How to share the cookies between subdomains

Introduction

Sharing cookies between subdomains is a common requirement in web development. For example, you have a website with multiple subdomains, and you want to share the login status between these subdomains. Once a user logs in to one subdomain, the user should be logged in to all subdomains.

This article will show you how to achieve this in an ASP.NET Core application.

Implementation principle

The cookie has a Domain attribute which specifies which server can receive a cookie.
If specified, then cookies are available on the server and its subdomains. For example, if you set Domain=.abp.io, cookies are available on abp.io and its subdomains like community.abp.io.

If the server does not specify a Domain, the cookies are available on the server but not on its subdomains. Therefore, specifying the Domain is less restrictive than omitting it. However, it can be helpful when subdomains need to share information about a user.

There is a CookiePolicyMiddleware in ASP.NET Core, you can add some policies to the CookiePolicyOptions during cookies are appended or deleted.

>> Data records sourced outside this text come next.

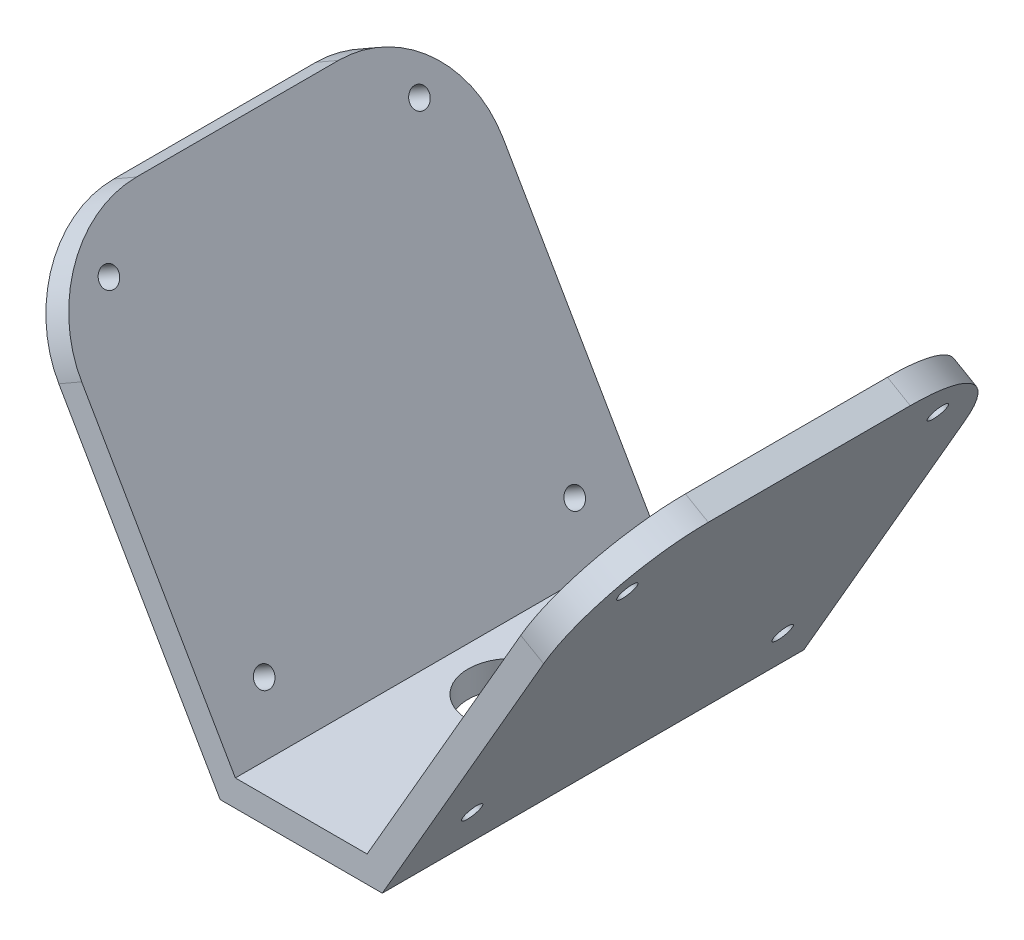
ISO-10303-21;
HEADER;
FILE_DESCRIPTION(('STEP AP214'),'2;1');
FILE_NAME('part.step','',(''),(''),'','','');
FILE_SCHEMA(('AUTOMOTIVE_DESIGN { 1 0 10303 214 1 1 1 1 }'));
ENDSEC;
DATA;
#1=APPLICATION_CONTEXT('core data for automotive mechanical design processes');
#2=APPLICATION_PROTOCOL_DEFINITION('international standard','automotive_design',2000,#1);
#3=PRODUCT_CONTEXT('',#1,'mechanical');
#4=PRODUCT('Part','Part','',(#3));
#5=PRODUCT_RELATED_PRODUCT_CATEGORY('part','',(#4));
#6=PRODUCT_DEFINITION_FORMATION('','',#4);
#7=PRODUCT_DEFINITION_CONTEXT('part definition',#1,'design');
#8=PRODUCT_DEFINITION('design','',#6,#7);
#9=PRODUCT_DEFINITION_SHAPE('','',#8);
#10=(LENGTH_UNIT() NAMED_UNIT(*) SI_UNIT(.MILLI.,.METRE.));
#11=(NAMED_UNIT(*) PLANE_ANGLE_UNIT() SI_UNIT($,.RADIAN.));
#12=(NAMED_UNIT(*) SI_UNIT($,.STERADIAN.) SOLID_ANGLE_UNIT());
#13=UNCERTAINTY_MEASURE_WITH_UNIT(LENGTH_MEASURE(1.E-05),#10,'distance_accuracy_value','');
#14=(GEOMETRIC_REPRESENTATION_CONTEXT(3) GLOBAL_UNCERTAINTY_ASSIGNED_CONTEXT((#13)) GLOBAL_UNIT_ASSIGNED_CONTEXT((#10,
#11,#12)) REPRESENTATION_CONTEXT('',''));
#15=CARTESIAN_POINT('',(0.,0.,0.));
#16=DIRECTION('',(0.,0.,1.));
#17=DIRECTION('',(1.,0.,0.));
#18=AXIS2_PLACEMENT_3D('',#15,#16,#17);
#19=CARTESIAN_POINT('',(-7.5,0.,-24.));
#20=DIRECTION('',(0.866025403784438,0.500000000000001,0.));
#21=DIRECTION('',(-0.500000000000001,0.866025403784438,0.));
#22=AXIS2_PLACEMENT_3D('',#19,#20,#21);
#23=PLANE('',#22);
#24=CARTESIAN_POINT('',(-28.2138347648319,35.8774142322752,-17.6776695296637));
#25=DIRECTION('',(0.866025403784438,0.500000000000001,0.));
#26=DIRECTION('',(-0.500000000000001,0.866025403784438,0.));
#27=AXIS2_PLACEMENT_3D('',#24,#25,#26);
#28=CIRCLE('',#27,1.1);
#29=CARTESIAN_POINT('',(-28.7638347648319,36.8300421764381,-17.6776695296637));
#30=VERTEX_POINT('',#29);
#31=EDGE_CURVE('E244',#30,#30,#28,.T.);
#32=ORIENTED_EDGE('',*,*,#31,.F.);
#33=EDGE_LOOP('',(#32));
#34=FACE_BOUND('',#33,.T.);
#35=CARTESIAN_POINT('',(-10.5361652351681,5.25879244748545,17.6776695296636));
#36=DIRECTION('',(0.866025403784438,0.500000000000001,0.));
#37=DIRECTION('',(-0.500000000000001,0.866025403784438,0.));
#38=AXIS2_PLACEMENT_3D('',#35,#36,#37);
#39=CIRCLE('',#38,1.09999999999999);
#40=CARTESIAN_POINT('',(-11.0861652351681,6.21142039164833,17.6776695296636));
#41=VERTEX_POINT('',#40);
#42=EDGE_CURVE('E246',#41,#41,#39,.T.);
#43=ORIENTED_EDGE('',*,*,#42,.F.);
#44=EDGE_LOOP('',(#43));
#45=FACE_BOUND('',#44,.T.);
#46=CARTESIAN_POINT('',(-28.2138347648319,35.8774142322753,17.6776695296636));
#47=DIRECTION('',(0.866025403784438,0.500000000000001,0.));
#48=DIRECTION('',(-0.500000000000001,0.866025403784438,0.));
#49=AXIS2_PLACEMENT_3D('',#46,#47,#48);
#50=CIRCLE('',#49,1.09999999999999);
#51=CARTESIAN_POINT('',(-28.7638347648319,36.8300421764382,17.6776695296636));
#52=VERTEX_POINT('',#51);
#53=EDGE_CURVE('E251',#52,#52,#50,.T.);
#54=ORIENTED_EDGE('',*,*,#53,.F.);
#55=EDGE_LOOP('',(#54));
#56=FACE_BOUND('',#55,.T.);
#57=CARTESIAN_POINT('',(-10.5361652351682,5.25879244748556,-17.6776695296637));
#58=DIRECTION('',(0.866025403784438,0.500000000000001,0.));
#59=DIRECTION('',(-0.500000000000001,0.866025403784438,0.));
#60=AXIS2_PLACEMENT_3D('',#57,#58,#59);
#61=CIRCLE('',#60,1.1);
#62=CARTESIAN_POINT('',(-11.0861652351682,6.21142039164844,-17.6776695296637));
#63=VERTEX_POINT('',#62);
#64=EDGE_CURVE('E254',#63,#63,#61,.T.);
#65=ORIENTED_EDGE('',*,*,#64,.F.);
#66=EDGE_LOOP('',(#65));
#67=FACE_BOUND('',#66,.T.);
#68=DIRECTION('',(0.,0.,1.));
#69=VECTOR('',#68,1.);
#70=CARTESIAN_POINT('',(-31.2500000000001,41.1362066797608,-24.));
#71=LINE('',#70,#69);
#72=CARTESIAN_POINT('',(-31.2500000000001,41.1362066797608,-11.5));
#73=VERTEX_POINT('',#72);
#74=CARTESIAN_POINT('',(-31.2500000000001,41.1362066797608,11.5));
#75=VERTEX_POINT('',#74);
#76=EDGE_CURVE('E182',#73,#75,#71,.T.);
#77=ORIENTED_EDGE('',*,*,#76,.T.);
#78=CARTESIAN_POINT('',(-25.,30.3108891324553,11.5));
#79=DIRECTION('',(0.866025403784438,0.500000000000001,0.));
#80=DIRECTION('',(-0.500000000000001,0.866025403784438,0.));
#81=AXIS2_PLACEMENT_3D('',#78,#79,#80);
#82=CIRCLE('',#81,12.5);
#83=CARTESIAN_POINT('',(-25.,30.3108891324553,24.));
#84=VERTEX_POINT('',#83);
#85=EDGE_CURVE('E212',#75,#84,#82,.T.);
#86=ORIENTED_EDGE('',*,*,#85,.T.);
#87=DIRECTION('',(-0.500000000000001,0.866025403784438,0.));
#88=VECTOR('',#87,1.);
#89=CARTESIAN_POINT('',(-7.5,0.,24.));
#90=LINE('',#89,#88);
#91=CARTESIAN_POINT('',(-7.5,0.,24.));
#92=VERTEX_POINT('',#91);
#93=EDGE_CURVE('E145',#92,#84,#90,.T.);
#94=ORIENTED_EDGE('',*,*,#93,.F.);
#95=DIRECTION('',(0.,0.,1.));
#96=VECTOR('',#95,1.);
#97=CARTESIAN_POINT('',(-7.5,0.,-24.));
#98=LINE('',#97,#96);
#99=CARTESIAN_POINT('',(-7.5,0.,-24.));
#100=VERTEX_POINT('',#99);
#101=EDGE_CURVE('E183',#100,#92,#98,.T.);
#102=ORIENTED_EDGE('',*,*,#101,.F.);
#103=DIRECTION('',(-0.500000000000001,0.866025403784438,0.));
#104=VECTOR('',#103,1.);
#105=CARTESIAN_POINT('',(-7.5,0.,-24.));
#106=LINE('',#105,#104);
#107=CARTESIAN_POINT('',(-25.,30.3108891324553,-24.));
#108=VERTEX_POINT('',#107);
#109=EDGE_CURVE('E169',#100,#108,#106,.T.);
#110=ORIENTED_EDGE('',*,*,#109,.T.);
#111=CARTESIAN_POINT('',(-25.,30.3108891324553,-11.5));
#112=DIRECTION('',(0.866025403784438,0.500000000000001,0.));
#113=DIRECTION('',(-0.500000000000001,0.866025403784438,0.));
#114=AXIS2_PLACEMENT_3D('',#111,#112,#113);
#115=CIRCLE('',#114,12.5);
#116=EDGE_CURVE('E210',#108,#73,#115,.T.);
#117=ORIENTED_EDGE('',*,*,#116,.T.);
#118=EDGE_LOOP('',(#77,#86,#94,#102,#110,#117));
#119=FACE_BOUND('',#118,.T.);
#120=ADVANCED_FACE('F41',(#34,#45,#56,#67,#119),#23,.T.);
#121=CARTESIAN_POINT('',(7.5,0.,-24.));
#122=DIRECTION('',(0.,1.,0.));
#123=DIRECTION('',(0.,0.,1.));
#124=AXIS2_PLACEMENT_3D('',#121,#122,#123);
#125=PLANE('',#124);
#126=CARTESIAN_POINT('',(0.,0.,0.));
#127=DIRECTION('',(0.,1.,0.));
#128=DIRECTION('',(0.,0.,1.));
#129=AXIS2_PLACEMENT_3D('',#126,#127,#128);
#130=CIRCLE('',#129,5.);
#131=CARTESIAN_POINT('',(0.,0.,5.));
#132=VERTEX_POINT('',#131);
#133=EDGE_CURVE('E293',#132,#132,#130,.T.);
#134=ORIENTED_EDGE('',*,*,#133,.F.);
#135=EDGE_LOOP('',(#134));
#136=FACE_BOUND('',#135,.T.);
#137=ORIENTED_EDGE('',*,*,#101,.T.);
#138=DIRECTION('',(-1.,0.,0.));
#139=VECTOR('',#138,1.);
#140=CARTESIAN_POINT('',(7.5,0.,24.));
#141=LINE('',#140,#139);
#142=CARTESIAN_POINT('',(7.5,0.,24.));
#143=VERTEX_POINT('',#142);
#144=EDGE_CURVE('E166',#143,#92,#141,.T.);
#145=ORIENTED_EDGE('',*,*,#144,.F.);
#146=DIRECTION('',(0.,0.,1.));
#147=VECTOR('',#146,1.);
#148=CARTESIAN_POINT('',(7.5,0.,-24.));
#149=LINE('',#148,#147);
#150=CARTESIAN_POINT('',(7.5,0.,-24.));
#151=VERTEX_POINT('',#150);
#152=EDGE_CURVE('E186',#151,#143,#149,.T.);
#153=ORIENTED_EDGE('',*,*,#152,.F.);
#154=DIRECTION('',(-1.,0.,0.));
#155=VECTOR('',#154,1.);
#156=CARTESIAN_POINT('',(7.5,0.,-24.));
#157=LINE('',#156,#155);
#158=EDGE_CURVE('E179',#151,#100,#157,.T.);
#159=ORIENTED_EDGE('',*,*,#158,.T.);
#160=EDGE_LOOP('',(#137,#145,#153,#159));
#161=FACE_BOUND('',#160,.T.);
#162=ADVANCED_FACE('F315',(#136,#161),#125,.T.);
#163=CARTESIAN_POINT('',(7.5,0.,-24.));
#164=DIRECTION('',(-0.866025403784438,0.500000000000001,0.));
#165=DIRECTION('',(-0.500000000000001,-0.866025403784438,0.));
#166=AXIS2_PLACEMENT_3D('',#163,#164,#165);
#167=PLANE('',#166);
#168=CARTESIAN_POINT('',(28.2138347648319,35.8774142322752,-17.6776695296637));
#169=DIRECTION('',(-0.866025403784438,0.500000000000001,0.));
#170=DIRECTION('',(-0.500000000000001,-0.866025403784438,0.));
#171=AXIS2_PLACEMENT_3D('',#168,#169,#170);
#172=CIRCLE('',#171,1.1);
#173=CARTESIAN_POINT('',(27.6638347648319,34.9247862881123,-17.6776695296637));
#174=VERTEX_POINT('',#173);
#175=EDGE_CURVE('E265',#174,#174,#172,.F.);
#176=ORIENTED_EDGE('',*,*,#175,.T.);
#177=EDGE_LOOP('',(#176));
#178=FACE_BOUND('',#177,.T.);
#179=CARTESIAN_POINT('',(10.5361652351681,5.25879244748545,17.6776695296636));
#180=DIRECTION('',(-0.866025403784438,0.500000000000001,0.));
#181=DIRECTION('',(-0.500000000000001,-0.866025403784438,0.));
#182=AXIS2_PLACEMENT_3D('',#179,#180,#181);
#183=CIRCLE('',#182,1.09999999999999);
#184=CARTESIAN_POINT('',(9.98616523516811,4.30616450332258,17.6776695296636));
#185=VERTEX_POINT('',#184);
#186=EDGE_CURVE('E272',#185,#185,#183,.F.);
#187=ORIENTED_EDGE('',*,*,#186,.T.);
#188=EDGE_LOOP('',(#187));
#189=FACE_BOUND('',#188,.T.);
#190=CARTESIAN_POINT('',(28.2138347648319,35.8774142322753,17.6776695296636));
#191=DIRECTION('',(-0.866025403784438,0.500000000000001,0.));
#192=DIRECTION('',(-0.500000000000001,-0.866025403784438,0.));
#193=AXIS2_PLACEMENT_3D('',#190,#191,#192);
#194=CIRCLE('',#193,1.09999999999999);
#195=CARTESIAN_POINT('',(27.6638347648319,34.9247862881125,17.6776695296636));
#196=VERTEX_POINT('',#195);
#197=EDGE_CURVE('E275',#196,#196,#194,.F.);
#198=ORIENTED_EDGE('',*,*,#197,.T.);
#199=EDGE_LOOP('',(#198));
#200=FACE_BOUND('',#199,.T.);
#201=CARTESIAN_POINT('',(10.5361652351682,5.25879244748556,-17.6776695296637));
#202=DIRECTION('',(-0.866025403784438,0.500000000000001,0.));
#203=DIRECTION('',(-0.500000000000001,-0.866025403784438,0.));
#204=AXIS2_PLACEMENT_3D('',#201,#202,#203);
#205=CIRCLE('',#204,1.1);
#206=CARTESIAN_POINT('',(9.98616523516817,4.30616450332268,-17.6776695296637));
#207=VERTEX_POINT('',#206);
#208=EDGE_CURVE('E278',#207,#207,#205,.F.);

We will add a policy to the CookiePolicyOptions to change the domain of the cookie:

services.Configure<CookiePolicyOptions>(options =>
{
    options.OnAppendCookie = cookieContext =>
    {
        ChangeCookieDomain(cookieContext, null);
    };

    options.OnDeleteCookie = cookieContext =>
    {
        ChangeCookieDomain(null, cookieContext);
    };
});

private static void ChangeCookieDomain(AppendCookieContext appendCookieContext, DeleteCookieContext deleteCookieContext)
{
    if (appendCookieContext != null)
    {
        // Change the domain of all cookies
        //appendCookieContext.CookieOptions.Domain = ".abp.io";

        // Change the domain of the specific cookie
        if (appendCookieContext.CookieName == ".AspNetCore.Culture")
        {
            appendCookieContext.CookieOptions.Domain = ".abp.io";
        }
    }

    if (deleteCookieContext != null)
    { 
        // Change the domain of all cookies
        //appendCookieContext.CookieOptions.Domain = ".abp.io";

        // Change the domain of the specific cookie
        if (deleteCookieContext.CookieName == ".AspNetCore.Culture")
        {
            deleteCookieContext.CookieOptions.Domain = ".abp.io";
        }
    }
}

Add the app.UseCookiePolicy() in the ASP.NET Core pipeline:

//...
app.UseStaticFiles();
app.UseCookiePolicy();
//...

If you check the HTTP response headers, you will see the Set-Cookie header with the domain attribute as follows:

Set-Cookie: .AspNetCore.Culture=c%3Den%7Cuic%3Den; expires=Mon, 09 Mar 2026 02:00:00 GMT; domain=.abp.io; path=/

The subdomains can share the .AspNetCore.Culture cookie now.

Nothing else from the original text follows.